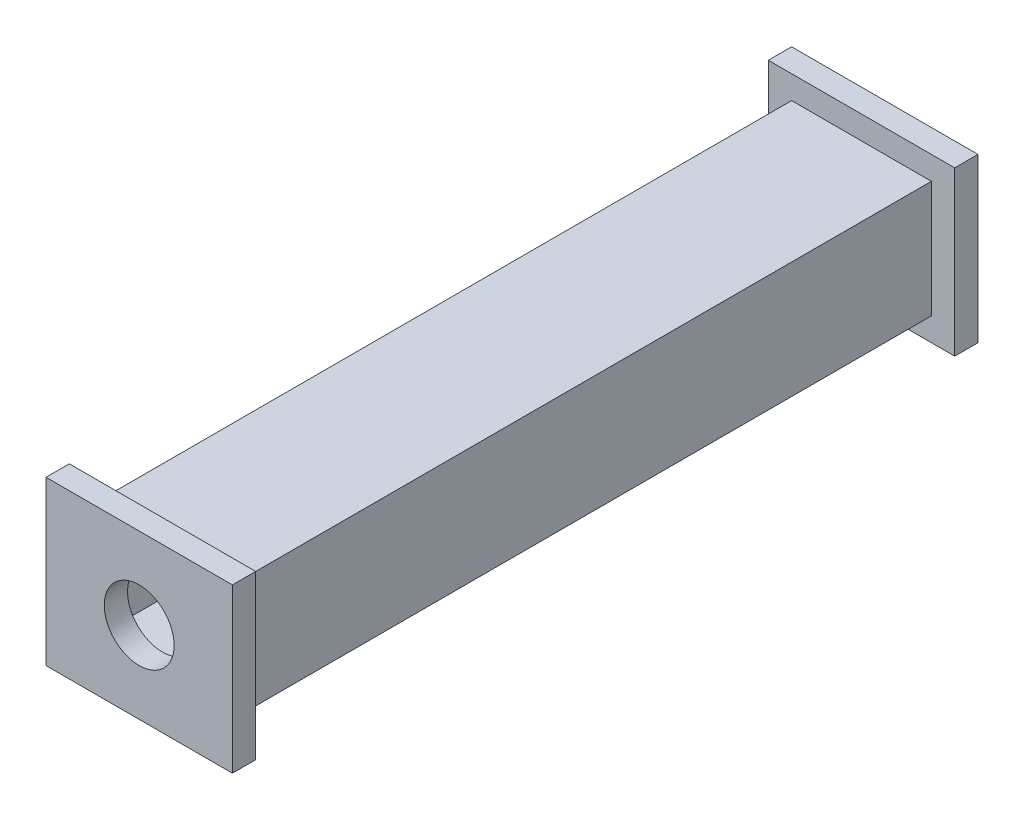
ISO-10303-21;
HEADER;
FILE_DESCRIPTION(('STEP AP214'),'2;1');
FILE_NAME('part.step','',(''),(''),'','','');
FILE_SCHEMA(('AUTOMOTIVE_DESIGN { 1 0 10303 214 1 1 1 1 }'));
ENDSEC;
DATA;
#1=APPLICATION_CONTEXT('core data for automotive mechanical design processes');
#2=APPLICATION_PROTOCOL_DEFINITION('international standard','automotive_design',2000,#1);
#3=PRODUCT_CONTEXT('',#1,'mechanical');
#4=PRODUCT('Part','Part','',(#3));
#5=PRODUCT_RELATED_PRODUCT_CATEGORY('part','',(#4));
#6=PRODUCT_DEFINITION_FORMATION('','',#4);
#7=PRODUCT_DEFINITION_CONTEXT('part definition',#1,'design');
#8=PRODUCT_DEFINITION('design','',#6,#7);
#9=PRODUCT_DEFINITION_SHAPE('','',#8);
#10=(LENGTH_UNIT() NAMED_UNIT(*) SI_UNIT(.MILLI.,.METRE.));
#11=(NAMED_UNIT(*) PLANE_ANGLE_UNIT() SI_UNIT($,.RADIAN.));
#12=(NAMED_UNIT(*) SI_UNIT($,.STERADIAN.) SOLID_ANGLE_UNIT());
#13=UNCERTAINTY_MEASURE_WITH_UNIT(LENGTH_MEASURE(1.E-05),#10,'distance_accuracy_value','');
#14=(GEOMETRIC_REPRESENTATION_CONTEXT(3) GLOBAL_UNCERTAINTY_ASSIGNED_CONTEXT((#13)) GLOBAL_UNIT_ASSIGNED_CONTEXT((#10,
#11,#12)) REPRESENTATION_CONTEXT('',''));
#15=CARTESIAN_POINT('',(0.,0.,0.));
#16=DIRECTION('',(0.,0.,1.));
#17=DIRECTION('',(1.,0.,0.));
#18=AXIS2_PLACEMENT_3D('',#15,#16,#17);
#19=CARTESIAN_POINT('',(-30.,25.,150.));
#20=DIRECTION('',(1.,0.,0.));
#21=DIRECTION('',(0.,0.,-1.));
#22=AXIS2_PLACEMENT_3D('',#19,#20,#21);
#23=PLANE('',#22);
#24=DIRECTION('',(0.,-1.,0.));
#25=VECTOR('',#24,1.);
#26=CARTESIAN_POINT('',(-30.,25.,-150.));
#27=LINE('',#26,#25);
#28=CARTESIAN_POINT('',(-30.,25.,-150.));
#29=VERTEX_POINT('',#28);
#30=CARTESIAN_POINT('',(-30.,-25.,-150.));
#31=VERTEX_POINT('',#30);
#32=EDGE_CURVE('E257',#29,#31,#27,.T.);
#33=ORIENTED_EDGE('',*,*,#32,.T.);
#34=DIRECTION('',(0.,0.,-1.));
#35=VECTOR('',#34,1.);
#36=CARTESIAN_POINT('',(-30.,-25.,150.));
#37=LINE('',#36,#35);
#38=CARTESIAN_POINT('',(-30.,-25.,150.));
#39=VERTEX_POINT('',#38);
#40=EDGE_CURVE('E11',#39,#31,#37,.T.);
#41=ORIENTED_EDGE('',*,*,#40,.F.);
#42=DIRECTION('',(0.,-1.,0.));
#43=VECTOR('',#42,1.);
#44=CARTESIAN_POINT('',(-30.,25.,150.));
#45=LINE('',#44,#43);
#46=CARTESIAN_POINT('',(-30.,25.,150.));
#47=VERTEX_POINT('',#46);
#48=EDGE_CURVE('E258',#47,#39,#45,.T.);
#49=ORIENTED_EDGE('',*,*,#48,.F.);
#50=DIRECTION('',(0.,0.,-1.));
#51=VECTOR('',#50,1.);
#52=CARTESIAN_POINT('',(-30.,25.,150.));
#53=LINE('',#52,#51);
#54=EDGE_CURVE('E271',#47,#29,#53,.T.);
#55=ORIENTED_EDGE('',*,*,#54,.T.);
#56=EDGE_LOOP('',(#33,#41,#49,#55));
#57=FACE_BOUND('',#56,.T.);
#58=ADVANCED_FACE('F39',(#57),#23,.F.);
#59=CARTESIAN_POINT('',(-30.,-25.,150.));
#60=DIRECTION('',(0.,1.,0.));
#61=DIRECTION('',(0.,0.,1.));
#62=AXIS2_PLACEMENT_3D('',#59,#60,#61);
#63=PLANE('',#62);
#64=DIRECTION('',(1.,0.,0.));
#65=VECTOR('',#64,1.);
#66=CARTESIAN_POINT('',(-30.,-25.,-150.));
#67=LINE('',#66,#65);
#68=CARTESIAN_POINT('',(30.,-25.,-150.));
#69=VERTEX_POINT('',#68);
#70=EDGE_CURVE('E274',#31,#69,#67,.T.);
#71=ORIENTED_EDGE('',*,*,#70,.T.);
#72=DIRECTION('',(0.,0.,-1.));
#73=VECTOR('',#72,1.);
#74=CARTESIAN_POINT('',(30.,-25.,150.));
#75=LINE('',#74,#73);
#76=CARTESIAN_POINT('',(30.,-25.,150.));
#77=VERTEX_POINT('',#76);
#78=EDGE_CURVE('E46',#77,#69,#75,.T.);
#79=ORIENTED_EDGE('',*,*,#78,.F.);
#80=DIRECTION('',(1.,0.,0.));
#81=VECTOR('',#80,1.);
#82=CARTESIAN_POINT('',(-30.,-25.,150.));
#83=LINE('',#82,#81);
#84=EDGE_CURVE('E261',#39,#77,#83,.T.);
#85=ORIENTED_EDGE('',*,*,#84,.F.);
#86=ORIENTED_EDGE('',*,*,#40,.T.);
#87=EDGE_LOOP('',(#71,#79,#85,#86));
#88=FACE_BOUND('',#87,.T.);
#89=ADVANCED_FACE('F284',(#88),#63,.F.);
#90=CARTESIAN_POINT('',(30.,25.,150.));
#91=DIRECTION('',(-1.,0.,0.));
#92=DIRECTION('',(0.,0.,1.));
#93=AXIS2_PLACEMENT_3D('',#90,#91,#92);
#94=PLANE('',#93);
#95=DIRECTION('',(0.,1.,0.));
#96=VECTOR('',#95,1.);
#97=CARTESIAN_POINT('',(30.,25.,-150.));
#98=LINE('',#97,#96);
#99=CARTESIAN_POINT('',(30.,25.,-150.));
#100=VERTEX_POINT('',#99);
#101=EDGE_CURVE('E74',#69,#100,#98,.T.);
#102=ORIENTED_EDGE('',*,*,#101,.T.);
#103=DIRECTION('',(0.,0.,-1.));
#104=VECTOR('',#103,1.);
#105=CARTESIAN_POINT('',(30.,25.,150.));
#106=LINE('',#105,#104);
#107=CARTESIAN_POINT('',(30.,25.,150.));
#108=VERTEX_POINT('',#107);
#109=EDGE_CURVE('E62',#108,#100,#106,.T.);
#110=ORIENTED_EDGE('',*,*,#109,.F.);
#111=DIRECTION('',(0.,1.,0.));
#112=VECTOR('',#111,1.);
#113=CARTESIAN_POINT('',(30.,25.,150.));
#114=LINE('',#113,#112);
#115=EDGE_CURVE('E265',#77,#108,#114,.T.);
#116=ORIENTED_EDGE('',*,*,#115,.F.);
#117=ORIENTED_EDGE('',*,*,#78,.T.);
#118=EDGE_LOOP('',(#102,#110,#116,#117));
#119=FACE_BOUND('',#118,.T.);
#120=ADVANCED_FACE('F282',(#119),#94,.F.);
#121=CARTESIAN_POINT('',(-30.,25.,150.));
#122=DIRECTION('',(0.,-1.,0.));
#123=DIRECTION('',(0.,0.,-1.));
#124=AXIS2_PLACEMENT_3D('',#121,#122,#123);
#125=PLANE('',#124);
#126=DIRECTION('',(-1.,0.,0.));
#127=VECTOR('',#126,1.);
#128=CARTESIAN_POINT('',(-30.,25.,-150.));
#129=LINE('',#128,#127);
#130=EDGE_CURVE('E262',#100,#29,#129,.T.);
#131=ORIENTED_EDGE('',*,*,#130,.T.);
#132=ORIENTED_EDGE('',*,*,#54,.F.);
#133=DIRECTION('',(-1.,0.,0.));
#134=VECTOR('',#133,1.);
#135=CARTESIAN_POINT('',(-30.,25.,150.));
#136=LINE('',#135,#134);
#137=EDGE_CURVE('E268',#108,#47,#136,.T.);
#138=ORIENTED_EDGE('',*,*,#137,.F.);
#139=ORIENTED_EDGE('',*,*,#109,.T.);
#140=EDGE_LOOP('',(#131,#132,#138,#139));
#141=FACE_BOUND('',#140,.T.);
#142=ADVANCED_FACE('F291',(#141),#125,.F.);
#143=CARTESIAN_POINT('',(-25.,20.,150.));
#144=DIRECTION('',(1.,0.,0.));
#145=DIRECTION('',(0.,0.,-1.));
#146=AXIS2_PLACEMENT_3D('',#143,#144,#145);
#147=PLANE('',#146);
#148=DIRECTION('',(0.,-1.,0.));
#149=VECTOR('',#148,1.);
#150=CARTESIAN_POINT('',(-25.,20.,-150.));
#151=LINE('',#150,#149);
#152=CARTESIAN_POINT('',(-25.,20.,-150.));
#153=VERTEX_POINT('',#152);
#154=CARTESIAN_POINT('',(-25.,-20.,-150.));
#155=VERTEX_POINT('',#154);
#156=EDGE_CURVE('E228',#153,#155,#151,.T.);
#157=ORIENTED_EDGE('',*,*,#156,.F.);
#158=DIRECTION('',(0.,0.,-1.));
#159=VECTOR('',#158,1.);
#160=CARTESIAN_POINT('',(-25.,20.,150.));
#161=LINE('',#160,#159);
#162=CARTESIAN_POINT('',(-25.,20.,150.));
#163=VERTEX_POINT('',#162);
#164=EDGE_CURVE('E239',#163,#153,#161,.T.);
#165=ORIENTED_EDGE('',*,*,#164,.F.);
#166=DIRECTION('',(0.,-1.,0.));
#167=VECTOR('',#166,1.);
#168=CARTESIAN_POINT('',(-25.,20.,150.));
#169=LINE('',#168,#167);
#170=CARTESIAN_POINT('',(-25.,-20.,150.));
#171=VERTEX_POINT('',#170);
#172=EDGE_CURVE('E229',#163,#171,#169,.T.);
#173=ORIENTED_EDGE('',*,*,#172,.T.);
#174=DIRECTION('',(0.,0.,-1.));
#175=VECTOR('',#174,1.);
#176=CARTESIAN_POINT('',(-25.,-20.,150.));
#177=LINE('',#176,#175);
#178=EDGE_CURVE('E254',#171,#155,#177,.T.);
#179=ORIENTED_EDGE('',*,*,#178,.T.);
#180=EDGE_LOOP('',(#157,#165,#173,#179));
#181=FACE_BOUND('',#180,.T.);
#182=ADVANCED_FACE('F325',(#181),#147,.T.);
#183=CARTESIAN_POINT('',(-25.,-20.,150.));
#184=DIRECTION('',(0.,1.,0.));
#185=DIRECTION('',(0.,0.,1.));
#186=AXIS2_PLACEMENT_3D('',#183,#184,#185);
#187=PLANE('',#186);
#188=DIRECTION('',(1.,0.,0.));
#189=VECTOR('',#188,1.);
#190=CARTESIAN_POINT('',(-25.,-20.,-150.));
#191=LINE('',#190,#189);
#192=CARTESIAN_POINT('',(25.,-20.,-150.));
#193=VERTEX_POINT('',#192);
#194=EDGE_CURVE('E242',#155,#193,#191,.T.);
#195=ORIENTED_EDGE('',*,*,#194,.F.);
#196=ORIENTED_EDGE('',*,*,#178,.F.);
#197=DIRECTION('',(1.,0.,0.));
#198=VECTOR('',#197,1.);
#199=CARTESIAN_POINT('',(-25.,-20.,150.));
#200=LINE('',#199,#198);
#201=CARTESIAN_POINT('',(25.,-20.,150.));
#202=VERTEX_POINT('',#201);
#203=EDGE_CURVE('E232',#171,#202,#200,.T.);
#204=ORIENTED_EDGE('',*,*,#203,.T.);
#205=DIRECTION('',(0.,0.,-1.));
#206=VECTOR('',#205,1.);
#207=CARTESIAN_POINT('',(25.,-20.,150.));
#208=LINE('',#207,#206);
#209=EDGE_CURVE('E252',#202,#193,#208,.T.);
#210=ORIENTED_EDGE('',*,*,#209,.T.);
#211=EDGE_LOOP('',(#195,#196,#204,#210));
#212=FACE_BOUND('',#211,.T.);
#213=ADVANCED_FACE('F328',(#212),#187,.T.);
#214=CARTESIAN_POINT('',(25.,20.,150.));
#215=DIRECTION('',(-1.,0.,0.));
#216=DIRECTION('',(0.,0.,1.));
#217=AXIS2_PLACEMENT_3D('',#214,#215,#216);
#218=PLANE('',#217);
#219=DIRECTION('',(0.,1.,0.));
#220=VECTOR('',#219,1.);
#221=CARTESIAN_POINT('',(25.,20.,-150.));
#222=LINE('',#221,#220);
#223=CARTESIAN_POINT('',(25.,20.,-150.));
#224=VERTEX_POINT('',#223);
#225=EDGE_CURVE('E245',#193,#224,#222,.T.);
#226=ORIENTED_EDGE('',*,*,#225,.F.);
#227=ORIENTED_EDGE('',*,*,#209,.F.);
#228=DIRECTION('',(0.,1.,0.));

Exercise objective
All lines from the one holding "#193=VERTEX_POINT('',#192);" through the end of the entries need to be given again exactly. Leave out the others.

Exercise output
#193=VERTEX_POINT('',#192);
#194=EDGE_CURVE('E242',#155,#193,#191,.T.);
#195=ORIENTED_EDGE('',*,*,#194,.F.);
#196=ORIENTED_EDGE('',*,*,#178,.F.);
#197=DIRECTION('',(1.,0.,0.));
#198=VECTOR('',#197,1.);
#199=CARTESIAN_POINT('',(-25.,-20.,150.));
#200=LINE('',#199,#198);
#201=CARTESIAN_POINT('',(25.,-20.,150.));
#202=VERTEX_POINT('',#201);
#203=EDGE_CURVE('E232',#171,#202,#200,.T.);
#204=ORIENTED_EDGE('',*,*,#203,.T.);
#205=DIRECTION('',(0.,0.,-1.));
#206=VECTOR('',#205,1.);
#207=CARTESIAN_POINT('',(25.,-20.,150.));
#208=LINE('',#207,#206);
#209=EDGE_CURVE('E252',#202,#193,#208,.T.);
#210=ORIENTED_EDGE('',*,*,#209,.T.);
#211=EDGE_LOOP('',(#195,#196,#204,#210));
#212=FACE_BOUND('',#211,.T.);
#213=ADVANCED_FACE('F328',(#212),#187,.T.);
#214=CARTESIAN_POINT('',(25.,20.,150.));
#215=DIRECTION('',(-1.,0.,0.));
#216=DIRECTION('',(0.,0.,1.));
#217=AXIS2_PLACEMENT_3D('',#214,#215,#216);
#218=PLANE('',#217);
#219=DIRECTION('',(0.,1.,0.));
#220=VECTOR('',#219,1.);
#221=CARTESIAN_POINT('',(25.,20.,-150.));
#222=LINE('',#221,#220);
#223=CARTESIAN_POINT('',(25.,20.,-150.));
#224=VERTEX_POINT('',#223);
#225=EDGE_CURVE('E245',#193,#224,#222,.T.);
#226=ORIENTED_EDGE('',*,*,#225,.F.);
#227=ORIENTED_EDGE('',*,*,#209,.F.);
#228=DIRECTION('',(0.,1.,0.));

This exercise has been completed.